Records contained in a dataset
───
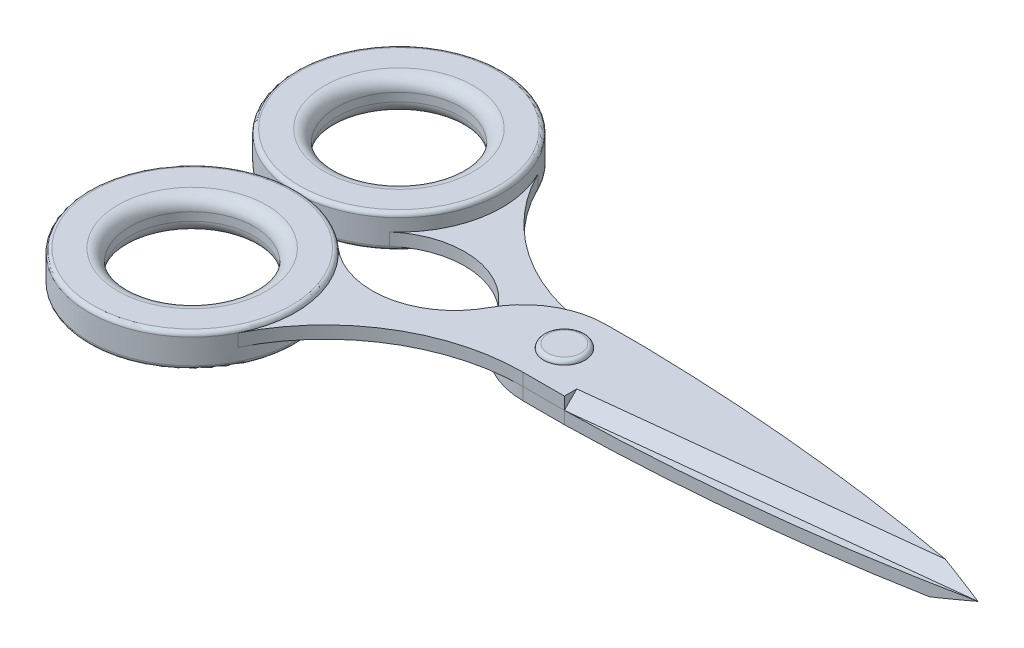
ISO-10303-21;
HEADER;
FILE_DESCRIPTION(('STEP AP214'),'2;1');
FILE_NAME('part.step','',(''),(''),'','','');
FILE_SCHEMA(('AUTOMOTIVE_DESIGN { 1 0 10303 214 1 1 1 1 }'));
ENDSEC;
DATA;
#1=APPLICATION_CONTEXT('core data for automotive mechanical design processes');
#2=APPLICATION_PROTOCOL_DEFINITION('international standard','automotive_design',2000,#1);
#3=PRODUCT_CONTEXT('',#1,'mechanical');
#4=PRODUCT('Part','Part','',(#3));
#5=PRODUCT_RELATED_PRODUCT_CATEGORY('part','',(#4));
#6=PRODUCT_DEFINITION_FORMATION('','',#4);
#7=PRODUCT_DEFINITION_CONTEXT('part definition',#1,'design');
#8=PRODUCT_DEFINITION('design','',#6,#7);
#9=PRODUCT_DEFINITION_SHAPE('','',#8);
#10=(LENGTH_UNIT() NAMED_UNIT(*) SI_UNIT(.MILLI.,.METRE.));
#11=(NAMED_UNIT(*) PLANE_ANGLE_UNIT() SI_UNIT($,.RADIAN.));
#12=(NAMED_UNIT(*) SI_UNIT($,.STERADIAN.) SOLID_ANGLE_UNIT());
#13=UNCERTAINTY_MEASURE_WITH_UNIT(LENGTH_MEASURE(1.E-05),#10,'distance_accuracy_value','');
#14=(GEOMETRIC_REPRESENTATION_CONTEXT(3) GLOBAL_UNCERTAINTY_ASSIGNED_CONTEXT((#13)) GLOBAL_UNIT_ASSIGNED_CONTEXT((#10,
#11,#12)) REPRESENTATION_CONTEXT('',''));
#15=CARTESIAN_POINT('',(0.,0.,0.));
#16=DIRECTION('',(0.,0.,1.));
#17=DIRECTION('',(1.,0.,0.));
#18=AXIS2_PLACEMENT_3D('',#15,#16,#17);
#19=CARTESIAN_POINT('',(0.0110875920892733,-3.00000000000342,-489.900211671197));
#20=DIRECTION('',(0.,1.,0.));
#21=DIRECTION('',(0.,0.,1.));
#22=AXIS2_PLACEMENT_3D('',#19,#20,#21);
#23=PLANE('',#22);
#24=CARTESIAN_POINT('',(0.,-3.,0.));
#25=DIRECTION('',(0.,1.,0.));
#26=DIRECTION('',(0.,0.,1.));
#27=AXIS2_PLACEMENT_3D('',#24,#25,#26);
#28=CIRCLE('',#27,5.);
#29=CARTESIAN_POINT('',(0.,-2.99999999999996,5.00000000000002));
#30=VERTEX_POINT('',#29);
#31=EDGE_CURVE('E154',#30,#30,#28,.F.);
#32=ORIENTED_EDGE('',*,*,#31,.F.);
#33=EDGE_LOOP('',(#32));
#34=FACE_BOUND('',#33,.T.);
#35=DIRECTION('',(-0.993883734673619,0.,-0.110431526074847));
#36=VECTOR('',#35,1.);
#37=CARTESIAN_POINT('',(101.09756097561,-2.99999999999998,3.12195121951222));
#38=LINE('',#37,#36);
#39=CARTESIAN_POINT('',(90.1571269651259,-2.99999999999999,1.90634744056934));
#40=VERTEX_POINT('',#39);
#41=CARTESIAN_POINT('',(10.,-3.00000000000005,-6.99999999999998));
#42=VERTEX_POINT('',#41);
#43=EDGE_CURVE('E211',#40,#42,#38,.T.);
#44=ORIENTED_EDGE('',*,*,#43,.F.);
#45=CARTESIAN_POINT('',(0.0110875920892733,-3.00000000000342,-489.900211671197));
#46=DIRECTION('',(0.,-1.,0.));
#47=DIRECTION('',(0.,0.,1.));
#48=AXIS2_PLACEMENT_3D('',#45,#46,#47);
#49=CIRCLE('',#48,500.);
#50=CARTESIAN_POINT('',(10.,-2.99999999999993,10.));
#51=VERTEX_POINT('',#50);
#52=EDGE_CURVE('E108',#40,#51,#49,.T.);
#53=ORIENTED_EDGE('',*,*,#52,.T.);
#54=DIRECTION('',(-1.,0.,0.));
#55=VECTOR('',#54,1.);
#56=CARTESIAN_POINT('',(0.,-2.99999999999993,10.));
#57=LINE('',#56,#55);
#58=CARTESIAN_POINT('',(0.,-2.99999999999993,10.));
#59=VERTEX_POINT('',#58);
#60=EDGE_CURVE('E101',#51,#59,#57,.T.);
#61=ORIENTED_EDGE('',*,*,#60,.T.);
#62=CARTESIAN_POINT('',(0.,-3.00000000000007,-9.99999999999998));
#63=DIRECTION('',(0.,1.,0.));
#64=DIRECTION('',(0.,0.,1.));
#65=AXIS2_PLACEMENT_3D('',#62,#63,#64);
#66=CIRCLE('',#65,20.);
#67=CARTESIAN_POINT('',(-17.6510061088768,-3.00000000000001,-0.595640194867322));
#68=VERTEX_POINT('',#67);
#69=EDGE_CURVE('E105',#68,#59,#66,.T.);
#70=ORIENTED_EDGE('',*,*,#69,.F.);
#71=CARTESIAN_POINT('',(-35.3020122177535,-2.99999999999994,8.80871961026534));
#72=DIRECTION('',(0.,1.,0.));
#73=DIRECTION('',(0.,0.,1.));
#74=AXIS2_PLACEMENT_3D('',#71,#72,#73);
#75=CIRCLE('',#74,20.);
#76=CARTESIAN_POINT('',(-48.501117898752,-3.00000000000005,-6.21737799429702));
#77=VERTEX_POINT('',#76);
#78=EDGE_CURVE('E127',#77,#68,#75,.F.);
#79=ORIENTED_EDGE('',*,*,#78,.F.);
#80=CARTESIAN_POINT('',(-65.,-3.00000000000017,-25.));
#81=DIRECTION('',(0.,1.,0.));
#82=DIRECTION('',(0.,0.,1.));
#83=AXIS2_PLACEMENT_3D('',#80,#81,#82);
#84=CIRCLE('',#83,25.);
#85=CARTESIAN_POINT('',(-42.6824034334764,-3.00000000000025,-36.2660944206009));
#86=VERTEX_POINT('',#85);
#87=EDGE_CURVE('E198',#86,#77,#84,.F.);
#88=ORIENTED_EDGE('',*,*,#87,.F.);
#89=CARTESIAN_POINT('',(0.,-3.00000000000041,-57.8125));
#90=DIRECTION('',(0.,1.,0.));
#91=DIRECTION('',(0.,0.,1.));
#92=AXIS2_PLACEMENT_3D('',#89,#90,#91);
#93=CIRCLE('',#92,47.8125);
#94=CARTESIAN_POINT('',(0.,-3.00000000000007,-9.99999999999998));
#95=VERTEX_POINT('',#94);
#96=EDGE_CURVE('E134',#95,#86,#93,.F.);
#97=ORIENTED_EDGE('',*,*,#96,.F.);
#98=DIRECTION('',(1.,0.,0.));
#99=VECTOR('',#98,1.);
#100=CARTESIAN_POINT('',(10.,-3.00000000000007,-9.99999999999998));
#101=LINE('',#100,#99);
#102=CARTESIAN_POINT('',(10.,-3.00000000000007,-9.99999999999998));
#103=VERTEX_POINT('',#102);
#104=EDGE_CURVE('E111',#95,#103,#101,.T.);
#105=ORIENTED_EDGE('',*,*,#104,.T.);
#106=DIRECTION('',(0.,0.,-1.));
#107=VECTOR('',#106,1.);
#108=CARTESIAN_POINT('',(10.,-3.00000000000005,-6.99999999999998));
#109=LINE('',#108,#107);
#110=EDGE_CURVE('E58',#42,#103,#109,.T.);
#111=ORIENTED_EDGE('',*,*,#110,.F.);
#112=EDGE_LOOP('',(#44,#53,#61,#70,#79,#88,#97,#105,#111));
#113=FACE_BOUND('',#112,.T.);
#114=ADVANCED_FACE('F41',(#34,#113),#23,.F.);
#115=CARTESIAN_POINT('',(0.0110875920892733,-3.00000000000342,-489.900211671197));
#116=DIRECTION('',(0.,1.,0.));
#117=DIRECTION('',(0.,0.,1.));
#118=AXIS2_PLACEMENT_3D('',#115,#116,#117);
#119=CYLINDRICAL_SURFACE('',#118,500.);
#120=CARTESIAN_POINT('',(0.0110875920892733,478.790332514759,-489.9002116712));
#121=DIRECTION('',(0.0783260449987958,-0.704934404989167,-0.704934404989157));
#122=DIRECTION('',(0.077846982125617,0.709272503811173,-0.700622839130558));
#123=AXIS2_PLACEMENT_3D('',#120,#121,#122);
#124=ELLIPSE('',#123,709.285851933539,500.);
#125=CARTESIAN_POINT('',(100.,0.,0.));
#126=VERTEX_POINT('',#125);
#127=EDGE_CURVE('E208',#126,#40,#124,.T.);
#128=ORIENTED_EDGE('',*,*,#127,.F.);
#129=CARTESIAN_POINT('',(0.0110875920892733,-3.42095687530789E-12,-489.900211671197));
#130=DIRECTION('',(0.,-1.,0.));
#131=DIRECTION('',(0.,0.,1.));
#132=AXIS2_PLACEMENT_3D('',#129,#130,#131);
#133=CIRCLE('',#132,500.);
#134=CARTESIAN_POINT('',(10.,0.,10.));
#135=VERTEX_POINT('',#134);
#136=EDGE_CURVE('E141',#126,#135,#133,.T.);
#137=ORIENTED_EDGE('',*,*,#136,.T.);
#138=DIRECTION('',(0.,1.,0.));
#139=VECTOR('',#138,1.);
#140=CARTESIAN_POINT('',(10.,-2.99999999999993,10.));
#141=LINE('',#140,#139);
#142=EDGE_CURVE('E118',#51,#135,#141,.T.);
#143=ORIENTED_EDGE('',*,*,#142,.F.);
#144=ORIENTED_EDGE('',*,*,#52,.F.);
#145=EDGE_LOOP('',(#128,#137,#143,#144));
#146=FACE_BOUND('',#145,.T.);
#147=ADVANCED_FACE('F238',(#146),#119,.T.);
#148=CARTESIAN_POINT('',(0.0110875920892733,-3.42095687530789E-12,-489.900211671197));
#149=DIRECTION('',(0.,1.,0.));
#150=DIRECTION('',(0.,0.,1.));
#151=AXIS2_PLACEMENT_3D('',#148,#149,#150);
#152=PLANE('',#151);
#153=CARTESIAN_POINT('',(0.,-4.03702763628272E-13,-57.8125));
#154=DIRECTION('',(0.,1.,0.));
#155=DIRECTION('',(0.,0.,1.));
#156=AXIS2_PLACEMENT_3D('',#153,#154,#155);
#157=CIRCLE('',#156,47.8125);
#158=CARTESIAN_POINT('',(-42.6824034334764,-2.532449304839E-13,-36.2660944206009));
#159=VERTEX_POINT('',#158);
#160=CARTESIAN_POINT('',(0.,0.,-10.));
#161=VERTEX_POINT('',#160);
#162=EDGE_CURVE('E125',#159,#161,#157,.T.);
#163=ORIENTED_EDGE('',*,*,#162,.F.);
#164=CARTESIAN_POINT('',(-65.,-1.74574168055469E-13,-25.));
#165=DIRECTION('',(0.,1.,0.));
#166=DIRECTION('',(0.,0.,1.));
#167=AXIS2_PLACEMENT_3D('',#164,#165,#166);
#168=CIRCLE('',#167,25.);
#169=CARTESIAN_POINT('',(-48.501117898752,0.,-6.21737799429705));
#170=VERTEX_POINT('',#169);
#171=EDGE_CURVE('E193',#159,#170,#168,.F.);
#172=ORIENTED_EDGE('',*,*,#171,.T.);
#173=CARTESIAN_POINT('',(-35.3020122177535,0.,8.80871961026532));
#174=DIRECTION('',(0.,1.,0.));
#175=DIRECTION('',(0.,0.,1.));
#176=AXIS2_PLACEMENT_3D('',#173,#174,#175);
#177=CIRCLE('',#176,20.);
#178=CARTESIAN_POINT('',(-17.6510061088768,0.,-0.595640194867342));
#179=VERTEX_POINT('',#178);
#180=EDGE_CURVE('E201',#179,#170,#177,.T.);
#181=ORIENTED_EDGE('',*,*,#180,.F.);
#182=CARTESIAN_POINT('',(0.,0.,-10.));
#183=DIRECTION('',(0.,-1.,0.));
#184=DIRECTION('',(0.,0.,-1.));
#185=AXIS2_PLACEMENT_3D('',#182,#183,#184);
#186=CIRCLE('',#185,20.);
#187=CARTESIAN_POINT('',(0.,0.,10.));
#188=VERTEX_POINT('',#187);
#189=EDGE_CURVE('E124',#188,#179,#186,.T.);
#190=ORIENTED_EDGE('',*,*,#189,.F.);
#191=DIRECTION('',(-1.,0.,0.));
#192=VECTOR('',#191,1.);
#193=CARTESIAN_POINT('',(0.,0.,10.));
#194=LINE('',#193,#192);
#195=EDGE_CURVE('E71',#135,#188,#194,.T.);
#196=ORIENTED_EDGE('',*,*,#195,.F.);
#197=ORIENTED_EDGE('',*,*,#136,.F.);
#198=DIRECTION('',(0.993883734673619,0.,0.110431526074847));
#199=VECTOR('',#198,1.);
#200=CARTESIAN_POINT('',(100.,0.,0.));
#201=LINE('',#200,#199);
#202=CARTESIAN_POINT('',(10.,0.,-10.));
#203=VERTEX_POINT('',#202);
#204=EDGE_CURVE('E137',#203,#126,#201,.T.);
#205=ORIENTED_EDGE('',*,*,#204,.F.);
#206=DIRECTION('',(1.,0.,0.));
#207=VECTOR('',#206,1.);
#208=CARTESIAN_POINT('',(10.,0.,-10.));
#209=LINE('',#208,#207);
#210=EDGE_CURVE('E146',#161,#203,#209,.T.);
#211=ORIENTED_EDGE('',*,*,#210,.F.);
#212=EDGE_LOOP('',(#163,#172,#181,#190,#196,#197,#205,#211));
#213=FACE_BOUND('',#212,.T.);
#214=ADVANCED_FACE('F232',(#213),#152,.T.);
#215=CARTESIAN_POINT('',(0.,-2.99999999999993,10.));
#216=DIRECTION('',(0.,0.,-1.));
#217=DIRECTION('',(1.,0.,0.));
#218=AXIS2_PLACEMENT_3D('',#215,#216,#217);
#219=PLANE('',#218);
#220=ORIENTED_EDGE('',*,*,#195,.T.);
#221=DIRECTION('',(0.,1.,0.));
#222=VECTOR('',#221,1.);
#223=CARTESIAN_POINT('',(0.,-2.99999999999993,10.));
#224=LINE('',#223,#222);
#225=EDGE_CURVE('E114',#59,#188,#224,.T.);
#226=ORIENTED_EDGE('',*,*,#225,.F.);
#227=ORIENTED_EDGE('',*,*,#60,.F.);
#228=ORIENTED_EDGE('',*,*,#142,.T.);
#229=EDGE_LOOP('',(#220,#226,#227,#228));
#230=FACE_BOUND('',#229,.T.);
#231=ADVANCED_FACE('F115',(#230),#219,.F.);
#232=CARTESIAN_POINT('',(10.,-3.00000000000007,-9.99999999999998));
#233=DIRECTION('',(0.,0.,1.));
#234=DIRECTION('',(-1.,0.,0.));
#235=AXIS2_PLACEMENT_3D('',#232,#233,#234);
#236=PLANE('',#235);
#237=ORIENTED_EDGE('',*,*,#210,.T.);
#238=DIRECTION('',(0.,1.,0.));
#239=VECTOR('',#238,1.);
#240=CARTESIAN_POINT('',(10.,-3.00000000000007,-9.99999999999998));
#241=LINE('',#240,#239);
#242=EDGE_CURVE('E140',#103,#203,#241,.T.);
#243=ORIENTED_EDGE('',*,*,#242,.F.);
#244=ORIENTED_EDGE('',*,*,#104,.F.);
#245=DIRECTION('',(0.,1.,0.));
#246=VECTOR('',#245,1.);
#247=CARTESIAN_POINT('',(0.,-3.00000000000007,-9.99999999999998));
#248=LINE('',#247,#246);
#249=EDGE_CURVE('E119',#95,#161,#248,.T.);
#250=ORIENTED_EDGE('',*,*,#249,.T.);
#251=EDGE_LOOP('',(#237,#243,#244,#250));
#252=FACE_BOUND('',#251,.T.);
#253=ADVANCED_FACE('F228',(#252),#236,.F.);
#254=CARTESIAN_POINT('',(0.,-111.16653826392,-57.8124999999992));
#255=DIRECTION('',(0.,1.,0.));
#256=DIRECTION('',(0.,0.,1.));
#257=AXIS2_PLACEMENT_3D('',#254,#255,#256);
#258=CYLINDRICAL_SURFACE('',#257,47.8125);
#259=ORIENTED_EDGE('',*,*,#249,.F.);
#260=ORIENTED_EDGE('',*,*,#96,.T.);
#261=DIRECTION('',(0.,1.,0.));
#262=VECTOR('',#261,1.);
#263=CARTESIAN_POINT('',(-42.6824034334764,-111.16653826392,-36.2660944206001));
#264=LINE('',#263,#262);
#265=EDGE_CURVE('E130',#86,#159,#264,.T.);
#266=ORIENTED_EDGE('',*,*,#265,.T.);
#267=ORIENTED_EDGE('',*,*,#162,.T.);
#268=EDGE_LOOP('',(#259,#260,#266,#267));
#269=FACE_BOUND('',#268,.T.);
#270=ADVANCED_FACE('F245',(#269),#258,.F.);
#271=CARTESIAN_POINT('',(0.,-111.16653826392,-9.99999999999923));
#272=DIRECTION('',(0.,1.,0.));
#273=DIRECTION('',(0.,0.,1.));
#274=AXIS2_PLACEMENT_3D('',#271,#272,#273);
#275=CYLINDRICAL_SURFACE('',#274,20.);
#276=DIRECTION('',(0.,1.,0.));
#277=VECTOR('',#276,1.);
#278=CARTESIAN_POINT('',(-17.6510061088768,-111.16653826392,-0.595640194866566));
#279=LINE('',#278,#277);
#280=EDGE_CURVE('E122',#68,#179,#279,.T.);
#281=ORIENTED_EDGE('',*,*,#280,.F.);
#282=ORIENTED_EDGE('',*,*,#69,.T.);
#283=ORIENTED_EDGE('',*,*,#225,.T.);
#284=ORIENTED_EDGE('',*,*,#189,.T.);
#285=EDGE_LOOP('',(#281,#282,#283,#284));
#286=FACE_BOUND('',#285,.T.);
#287=ADVANCED_FACE('F121',(#286),#275,.T.);
#288=CARTESIAN_POINT('',(-35.3020122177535,-111.16653826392,8.8087196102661));
#289=DIRECTION('',(0.,1.,0.));
#290=DIRECTION('',(0.,0.,1.));
#291=AXIS2_PLACEMENT_3D('',#288,#289,#290);
#292=CYLINDRICAL_SURFACE('',#291,20.);
#293=DIRECTION('',(0.,1.,0.));
#294=VECTOR('',#293,1.);
#295=CARTESIAN_POINT('',(-48.501117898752,-111.16653826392,-6.21737799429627));
#296=LINE('',#295,#294);
#297=EDGE_CURVE('E144',#77,#170,#296,.T.);
#298=ORIENTED_EDGE('',*,*,#297,.F.);
#299=ORIENTED_EDGE('',*,*,#78,.T.);
#300=ORIENTED_EDGE('',*,*,#280,.T.);
#301=ORIENTED_EDGE('',*,*,#180,.T.);
#302=EDGE_LOOP('',(#298,#299,#300,#301));
#303=FACE_BOUND('',#302,.T.);
#304=ADVANCED_FACE('F189',(#303),#292,.F.);
#305=CARTESIAN_POINT('',(-65.,-111.16653826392,-24.9999999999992));
#306=DIRECTION('',(0.,1.,0.));
#307=DIRECTION('',(0.,0.,1.));
#308=AXIS2_PLACEMENT_3D('',#305,#306,#307);
#309=CYLINDRICAL_SURFACE('',#308,25.);
#310=CARTESIAN_POINT('',(-65.,2.99999999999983,-25.));
#311=DIRECTION('',(0.,-1.,0.));
#312=DIRECTION('',(0.,0.,-1.));
#313=AXIS2_PLACEMENT_3D('',#310,#311,#312);
#314=CIRCLE('',#313,25.);
#315=CARTESIAN_POINT('',(-65.,2.99999999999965,-50.));
#316=VERTEX_POINT('',#315);
#317=EDGE_CURVE('E173',#316,#316,#314,.T.);
#318=ORIENTED_EDGE('',*,*,#317,.T.);
#319=EDGE_LOOP('',(#318));
#320=FACE_BOUND('',#319,.T.);
#321=ORIENTED_EDGE('',*,*,#265,.F.);
#322=CARTESIAN_POINT('',(-65.,-3.00000000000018,-25.));
#323=DIRECTION('',(0.,-1.,0.));
#324=DIRECTION('',(0.,0.,-1.));
#325=AXIS2_PLACEMENT_3D('',#322,#323,#324);
#326=CIRCLE('',#325,25.);
#327=EDGE_CURVE('E82',#86,#77,#326,.F.);
#328=ORIENTED_EDGE('',*,*,#327,.T.);
#329=ORIENTED_EDGE('',*,*,#297,.T.);
#330=ORIENTED_EDGE('',*,*,#171,.F.);
#331=EDGE_LOOP('',(#321,#328,#329,#330));
#332=FACE_BOUND('',#331,.T.);
#333=ADVANCED_FACE('F187',(#320,#332),#309,.T.);
#334=CARTESIAN_POINT('',(-65.,3.99999999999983,-25.));
#335=DIRECTION('',(0.,-1.,0.));
#336=DIRECTION('',(0.,0.,-1.));
#337=AXIS2_PLACEMENT_3D('',#334,#335,#336);
#338=PLANE('',#337);
#339=CARTESIAN_POINT('',(-65.,3.99999999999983,-25.));
#340=DIRECTION('',(0.,-1.,0.));
#341=DIRECTION('',(0.,0.,-1.));
#342=AXIS2_PLACEMENT_3D('',#339,#340,#341);
#343=CIRCLE('',#342,24.);
#344=CARTESIAN_POINT('',(-65.,3.99999999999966,-49.));
#345=VERTEX_POINT('',#344);
#346=EDGE_CURVE('E50',#345,#345,#343,.F.);
#347=ORIENTED_EDGE('',*,*,#346,.T.);
#348=EDGE_LOOP('',(#347));
#349=FACE_BOUND('',#348,.T.);
#350=CARTESIAN_POINT('',(-65.,3.99999999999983,-25.));
#351=DIRECTION('',(0.,-1.,0.));
#352=DIRECTION('',(0.,0.,-1.));
#353=AXIS2_PLACEMENT_3D('',#350,#351,#352);
#354=CIRCLE('',#353,18.);
#355=CARTESIAN_POINT('',(-65.,3.9999999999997,-43.));
#356=VERTEX_POINT('',#355);
#357=EDGE_CURVE('E157',#356,#356,#354,.T.);
#358=ORIENTED_EDGE('',*,*,#357,.T.);
#359=EDGE_LOOP('',(#358));
#360=FACE_BOUND('',#359,.T.);
#361=ADVANCED_FACE('F178',(#349,#360),#338,.F.);
#362=CARTESIAN_POINT('',(-65.,-111.16653826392,-24.9999999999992));
#363=DIRECTION('',(0.,1.,0.));
#364=DIRECTION('',(0.,0.,1.));
#365=AXIS2_PLACEMENT_3D('',#362,#363,#364);
#366=CYLINDRICAL_SURFACE('',#365,15.);
#367=CARTESIAN_POINT('',(-65.,0.999999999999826,-25.));
#368=DIRECTION('',(0.,-1.,0.));
#369=DIRECTION('',(0.,0.,-1.));
#370=AXIS2_PLACEMENT_3D('',#367,#368,#369);
#371=CIRCLE('',#370,15.);
#372=CARTESIAN_POINT('',(-65.,0.999999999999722,-40.));
#373=VERTEX_POINT('',#372);
#374=EDGE_CURVE('E163',#373,#373,#371,.F.);
#375=ORIENTED_EDGE('',*,*,#374,.T.);
#376=EDGE_LOOP('',(#375));
#377=FACE_BOUND('',#376,.T.);
#378=CARTESIAN_POINT('',(-65.,-1.00000000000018,-25.));
#379=DIRECTION('',(0.,-1.,0.));
#380=DIRECTION('',(0.,0.,-1.));
#381=AXIS2_PLACEMENT_3D('',#378,#379,#380);
#382=CIRCLE('',#381,15.);
#383=CARTESIAN_POINT('',(-65.,-1.00000000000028,-40.));
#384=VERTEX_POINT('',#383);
───
**The task:** All that is needed is the exact run of lines above from the line containing "#21=DIRECTION('',(0.,0.,1.));" through the line containing "#35=DIRECTION('',(-0.993883734673619,0.,-0.110431526074847));", both of them included.

**Task output:**
#21=DIRECTION('',(0.,0.,1.));
#22=AXIS2_PLACEMENT_3D('',#19,#20,#21);
#23=PLANE('',#22);
#24=CARTESIAN_POINT('',(0.,-3.,0.));
#25=DIRECTION('',(0.,1.,0.));
#26=DIRECTION('',(0.,0.,1.));
#27=AXIS2_PLACEMENT_3D('',#24,#25,#26);
#28=CIRCLE('',#27,5.);
#29=CARTESIAN_POINT('',(0.,-2.99999999999996,5.00000000000002));
#30=VERTEX_POINT('',#29);
#31=EDGE_CURVE('E154',#30,#30,#28,.F.);
#32=ORIENTED_EDGE('',*,*,#31,.F.);
#33=EDGE_LOOP('',(#32));
#34=FACE_BOUND('',#33,.T.);
#35=DIRECTION('',(-0.993883734673619,0.,-0.110431526074847));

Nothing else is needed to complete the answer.